** Data supplied **

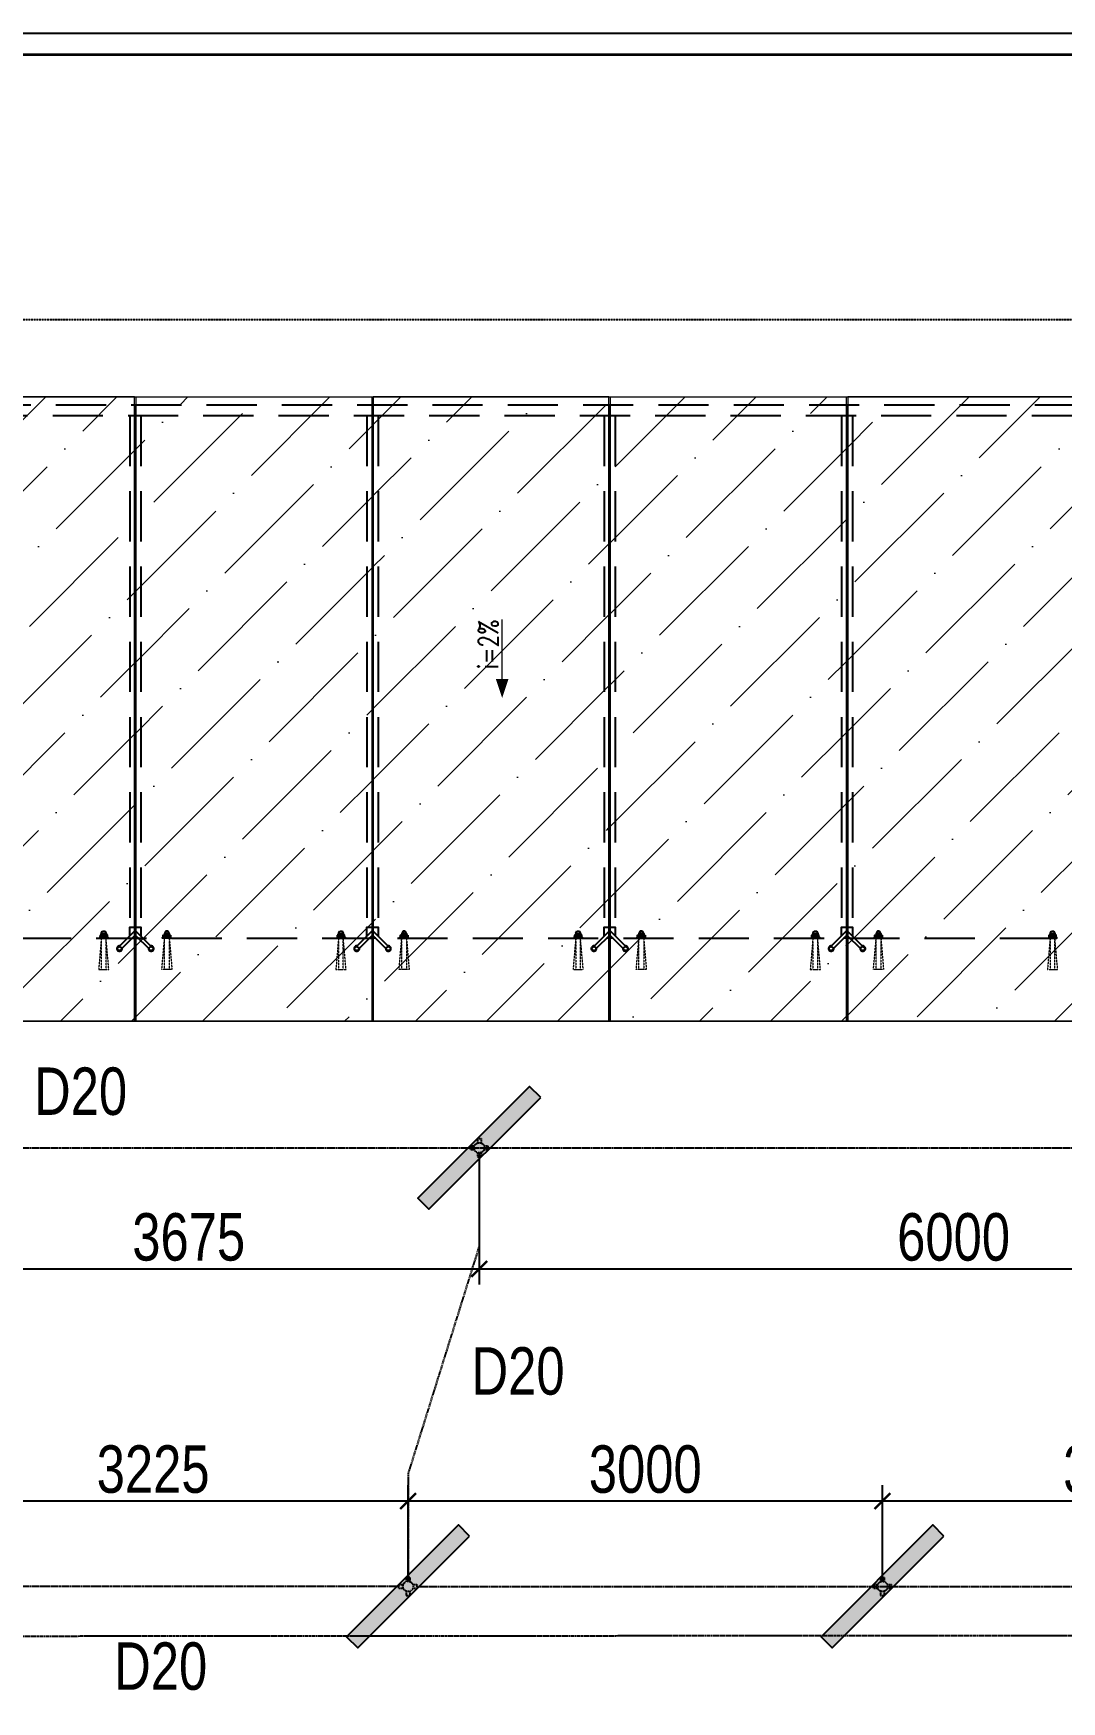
# Model space of a CAD drawing. Extents: x 134921 to 2525442, y -280073 to 23449.
# Drawn here: x 386289 to 392791, y 10653 to 21208 of the extents above; entities that cross this region are included whole.
import ezdxf
from ezdxf.enums import TextEntityAlignment as Align

# ---------------------------------------------------------------- set-up
doc = ezdxf.new("R2010")
doc.units = 0
doc.header["$PDMODE"] = 3
doc.header["$PDSIZE"] = 100
for name, pattern in [('DASH2', [0.375, 0.25, -0.125]), ('DASHED', [0.75, 0.5, -0.25]), ('DASHED2', [9.525, 6.35, -3.175]), ('X_GRID$0$CENTER', [2, 1.25, -0.25, 0.25, -0.25])]:
    doc.linetypes.add(name, pattern=pattern)
doc.layers.get('0').update_dxf_attribs({"linetype": 'CONTINUOUS'})
doc.layers.get('Defpoints').update_dxf_attribs({"linetype": 'CONTINUOUS'})
for name, color, linetype, lineweight in [('A - Hatch', 251, 'CONTINUOUS', 5), ('a khuat', 5, 'DASHED2', 15), ('a text', 7, 'CONTINUOUS', 5), ('a thiet bi', 146, 'CONTINUOUS', 9), ('DIA HINH', 8, 'CONTINUOUS', 5), ('HACTH', 251, 'CONTINUOUS', 9), ('KHUNG TEN SD3 - Ariyana$0$0-CON', 7, 'CONTINUOUS', 0), ('Kinh', 5, 'CONTINUOUS', 13), ('TEXT', 7, 'CONTINUOUS', 5)]:
    doc.layers.add(name, color=color, linetype=linetype, lineweight=lineweight)
for name, color, linetype in [('A-OVER', 1, 'DASHED2'), ('chuyen-chi-tiet', 30, 'CONTINUOUS'), ('E- ONG PVC', 1, 'DASHED'), ('E-DIM1', 9, 'CONTINUOUS'), ('E-TEXT ONG', 4, 'CONTINUOUS'), ('htch', 8, 'CONTINUOUS'), ('manh', 8, 'CONTINUOUS'), ('Steel', 7, 'CONTINUOUS'), ('X_GRID$0$A-GRID 1', 253, 'X_GRID$0$CENTER')]:
    doc.layers.add(name, color=color, linetype=linetype)
doc.styles.add('dim 1', font='romans.shx', dxfattribs={"width": 0.8})
doc.styles.add('E-TEXT DIM', font='vn_vni.shx', dxfattribs={"width": 0.8})
doc.styles.add('E-TEXT GHI CHU', font='vn_vni.shx', dxfattribs={"width": 0.8})
doc.dimstyles.new('E-DIM1', dxfattribs={"dimtxt": 300, "dimasz": 100, "dimexe": 100, "dimexo": 30, "dimgap": 50, "dimtad": 1, "dimdec": 0, "dimzin": 1, "dimdsep": 46, "dimtxsty": 'E-TEXT DIM', "dimblk": 'ARCHTICK', "dimcen": 2, "dimdle": 100, "dimclrd": 256, "dimclre": 252, "dimclrt": 10, "dimadec": 0, "dimazin": 0, "dimtfac": 1, "dimtdec": 0, "dimtix": 1, "dimtmove": 2, "dimatfit": 3, "dimfxl": 1, "dimtolj": 1, "dimtzin": 1, "dimlwd": -1, "dimlwe": -1, "dimarcsym": 0})
pattern_1 = [(45, (16333.24, 0), (168.3798, 617.3926), [793.75, -158.75, 0, -158.75])]

# ---------------------------------------------------------------- blocks, each defined once
blk = doc.blocks.new('dendai')
at = {"layer": 'Defpoints'}
blk.add_lwpolyline([(742, 672), (672, 742), (-35, 35), (35, -35)], close=True, dxfattribs=at)
blk = doc.blocks.new('KHUNG TEN SD3 - Ariyana')
at = {"layer": 'Defpoints', "color": 1}
blk.add_lwpolyline([(527153.769, 1774368.573), (527559.516, 1774368.573), (527559.516, 1774655.494), (527153.769, 1774655.494)], close=True, dxfattribs=at)
at = {"layer": 'KHUNG TEN SD3 - Ariyana$0$0-CON', "const_width": 0.12}
blk.add_lwpolyline([(527162.718, 1774654.536), (527558.558, 1774654.536), (527558.558, 1774369.531), (527162.718, 1774369.531)], close=True, dxfattribs=at)
blk = doc.blocks.new('Hop chia 2-3')
for p, q in [((113, 139), (136, 139)), ((67, 70), (67, 93)), ((113, 24), (136, 24)), ((182, 70), (182, 93))]:
    blk.add_line(p, q)
for points in [[(113, 139), (113, 112)], [(136, 139), (136, 112)], [(67, 93), (94, 93)], [(67, 70), (94, 70)], [(113, 51), (113, 24)], [(136, 51), (136, 24)], [(155, 93), (182, 93)], [(155, 70), (182, 70)]]:
    blk.add_lwpolyline(points)
blk.add_circle((125, 81), 32.5)
blk = doc.blocks.new('_ArchTick')
at = {"color": 0, "linetype": 'ByBlock', "const_width": 0.15}
blk.add_lwpolyline([(-0.5, -0.5), (0.5, 0.5)], dxfattribs=at)
blk = doc.blocks.new('*D133')
at = {"layer": 'Defpoints', "color": 0, "ltscale": 2, "transparency": 16777216}
for p in [(391658, 11922), (391658, 11382), (394658, 11382)]:
    blk.add_point(p, dxfattribs=at)
at = {"layer": 'E-DIM1', "color": 252, "ltscale": 2, "transparency": 16777216}
for p, q in [((391658, 11412), (391658, 12022)), ((394658, 11412), (394658, 12022))]:
    blk.add_line(p, q, dxfattribs=at)
at = {"layer": 'E-DIM1', "linetype": 'Continuous', "ltscale": 2, "transparency": 16777216}
blk.add_line((394758, 11922), (391558, 11922), dxfattribs=at)
at = {"layer": 'E-DIM1', "ltscale": 2, "transparency": 16777216, "xscale": 100, "yscale": 100, "zscale": 100, "rotation": 180}
blk.add_blockref('_ArchTick', (391658, 11922), dxfattribs=at)
at = {"layer": 'E-DIM1', "ltscale": 2, "transparency": 16777216, "xscale": 100, "yscale": 100, "zscale": 100}
blk.add_blockref('_ArchTick', (394658, 11922), dxfattribs=at)
at = {"layer": 'E-DIM1', "color": 10, "ltscale": 2, "transparency": 16777216, "insert": (393158, 12122), "char_height": 300, "attachment_point": 5, "style": 'E-TEXT DIM'}
blk.add_mtext('\\A1;3000', dxfattribs=at)
blk = doc.blocks.new('*D134')
at = {"layer": 'Defpoints', "color": 0, "ltscale": 2, "transparency": 16777216}
for p in [(388658, 11922), (388658, 11382), (391658, 11382)]:
    blk.add_point(p, dxfattribs=at)
at = {"layer": 'E-DIM1', "color": 252, "ltscale": 2, "transparency": 16777216}
for p, q in [((388658, 11412), (388658, 12022)), ((391658, 11412), (391658, 12022))]:
    blk.add_line(p, q, dxfattribs=at)
at = {"layer": 'E-DIM1', "linetype": 'Continuous', "ltscale": 2, "transparency": 16777216}
blk.add_line((391758, 11922), (388558, 11922), dxfattribs=at)
at = {"layer": 'E-DIM1', "ltscale": 2, "transparency": 16777216, "xscale": 100, "yscale": 100, "zscale": 100, "rotation": 180}
blk.add_blockref('_ArchTick', (388658, 11922), dxfattribs=at)
at = {"layer": 'E-DIM1', "ltscale": 2, "transparency": 16777216, "xscale": 100, "yscale": 100, "zscale": 100}
blk.add_blockref('_ArchTick', (391658, 11922), dxfattribs=at)
at = {"layer": 'E-DIM1', "color": 10, "ltscale": 2, "transparency": 16777216, "insert": (390158, 12122), "char_height": 300, "attachment_point": 5, "style": 'E-TEXT DIM'}
blk.add_mtext('\\A1;3000', dxfattribs=at)
blk = doc.blocks.new('*D135')
at = {"layer": 'Defpoints', "color": 0, "ltscale": 2, "transparency": 16777216}
for p in [(385433, 11922), (385433, 11375), (388658, 11382)]:
    blk.add_point(p, dxfattribs=at)
at = {"layer": 'E-DIM1', "color": 252, "ltscale": 2, "transparency": 16777216}
for p, q in [((385433, 11405), (385433, 12022)), ((388658, 11412), (388658, 12022))]:
    blk.add_line(p, q, dxfattribs=at)
at = {"layer": 'E-DIM1', "linetype": 'Continuous', "ltscale": 2, "transparency": 16777216}
blk.add_line((388758, 11922), (385333, 11922), dxfattribs=at)
at = {"layer": 'E-DIM1', "ltscale": 2, "transparency": 16777216, "xscale": 100, "yscale": 100, "zscale": 100, "rotation": 180}
blk.add_blockref('_ArchTick', (385433, 11922), dxfattribs=at)
at = {"layer": 'E-DIM1', "ltscale": 2, "transparency": 16777216, "xscale": 100, "yscale": 100, "zscale": 100}
blk.add_blockref('_ArchTick', (388658, 11922), dxfattribs=at)
at = {"layer": 'E-DIM1', "color": 10, "ltscale": 2, "transparency": 16777216, "insert": (387046, 12122), "char_height": 300, "attachment_point": 5, "style": 'E-TEXT DIM'}
blk.add_mtext('\\A1;3225', dxfattribs=at)
blk = doc.blocks.new('*D137')
at = {"layer": 'Defpoints', "color": 0, "ltscale": 2, "transparency": 16777216}
for p in [(385433, 14157), (389108, 14157), (389108, 13391)]:
    blk.add_point(p, dxfattribs=at)
at = {"layer": 'E-DIM1', "color": 252, "ltscale": 2, "transparency": 16777216}
for p, q in [((385433, 14127), (385433, 13291)), ((389108, 14127), (389108, 13291))]:
    blk.add_line(p, q, dxfattribs=at)
at = {"layer": 'E-DIM1', "linetype": 'Continuous', "ltscale": 2, "transparency": 16777216}
blk.add_line((385333, 13391), (389208, 13391), dxfattribs=at)
at = {"layer": 'E-DIM1', "ltscale": 2, "transparency": 16777216, "xscale": 100, "yscale": 100, "zscale": 100, "rotation": 180}
blk.add_blockref('_ArchTick', (385433, 13391), dxfattribs=at)
at = {"layer": 'E-DIM1', "ltscale": 2, "transparency": 16777216, "xscale": 100, "yscale": 100, "zscale": 100}
blk.add_blockref('_ArchTick', (389108, 13391), dxfattribs=at)
at = {"layer": 'E-DIM1', "color": 10, "ltscale": 2, "transparency": 16777216, "insert": (387271, 13591), "char_height": 300, "attachment_point": 5, "style": 'E-TEXT DIM'}
blk.add_mtext('\\A1;3675', dxfattribs=at)
blk = doc.blocks.new('*D138')
at = {"layer": 'Defpoints', "color": 0, "ltscale": 2, "transparency": 16777216}
for p in [(389108, 14157), (395108, 14157), (395108, 13391)]:
    blk.add_point(p, dxfattribs=at)
at = {"layer": 'E-DIM1', "color": 252, "ltscale": 2, "transparency": 16777216}
for p, q in [((389108, 14127), (389108, 13291)), ((395108, 14127), (395108, 13291))]:
    blk.add_line(p, q, dxfattribs=at)
at = {"layer": 'E-DIM1', "linetype": 'Continuous', "ltscale": 2, "transparency": 16777216}
blk.add_line((389008, 13391), (395208, 13391), dxfattribs=at)
at = {"layer": 'E-DIM1', "ltscale": 2, "transparency": 16777216, "xscale": 100, "yscale": 100, "zscale": 100, "rotation": 180}
blk.add_blockref('_ArchTick', (389108, 13391), dxfattribs=at)
at = {"layer": 'E-DIM1', "ltscale": 2, "transparency": 16777216, "xscale": 100, "yscale": 100, "zscale": 100}
blk.add_blockref('_ArchTick', (395108, 13391), dxfattribs=at)
at = {"layer": 'E-DIM1', "color": 10, "ltscale": 2, "transparency": 16777216, "insert": (392108, 13591), "char_height": 300, "attachment_point": 5, "style": 'E-TEXT DIM'}
blk.add_mtext('\\A1;6000', dxfattribs=at)

msp = doc.modelspace()

# ---------------------------------------------------------------- hatches: boundary and pattern name
at = {"layer": 'A - Hatch'}
h = msp.add_hatch(dxfattribs=at)
h.set_pattern_fill('ANSI36', color=8, scale=100)
h.set_pattern_definition(pattern_1)
h.paths.add_polyline_path([(386928.331, 18907.016), (385438.331, 18907.016), (385438.331, 14957.016), (386928.331, 14957.016)])
h = msp.add_hatch(dxfattribs=at)
h.set_pattern_fill('ANSI36', color=8, scale=100)
h.set_pattern_definition(pattern_1)
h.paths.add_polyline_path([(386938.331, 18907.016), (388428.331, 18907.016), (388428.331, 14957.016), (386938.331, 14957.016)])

** What is needed **
The answer must be every line of the records that contains the word "True".

** Problem solution **
blk.add_lwpolyline([(742, 672), (672, 742), (-35, 35), (35, -35)], close=True, dxfattribs=at)
blk.add_lwpolyline([(527153.769, 1774368.573), (527559.516, 1774368.573), (527559.516, 1774655.494), (527153.769, 1774655.494)], close=True, dxfattribs=at)
blk.add_lwpolyline([(527162.718, 1774654.536), (527558.558, 1774654.536), (527558.558, 1774369.531), (527162.718, 1774369.531)], close=True, dxfattribs=at)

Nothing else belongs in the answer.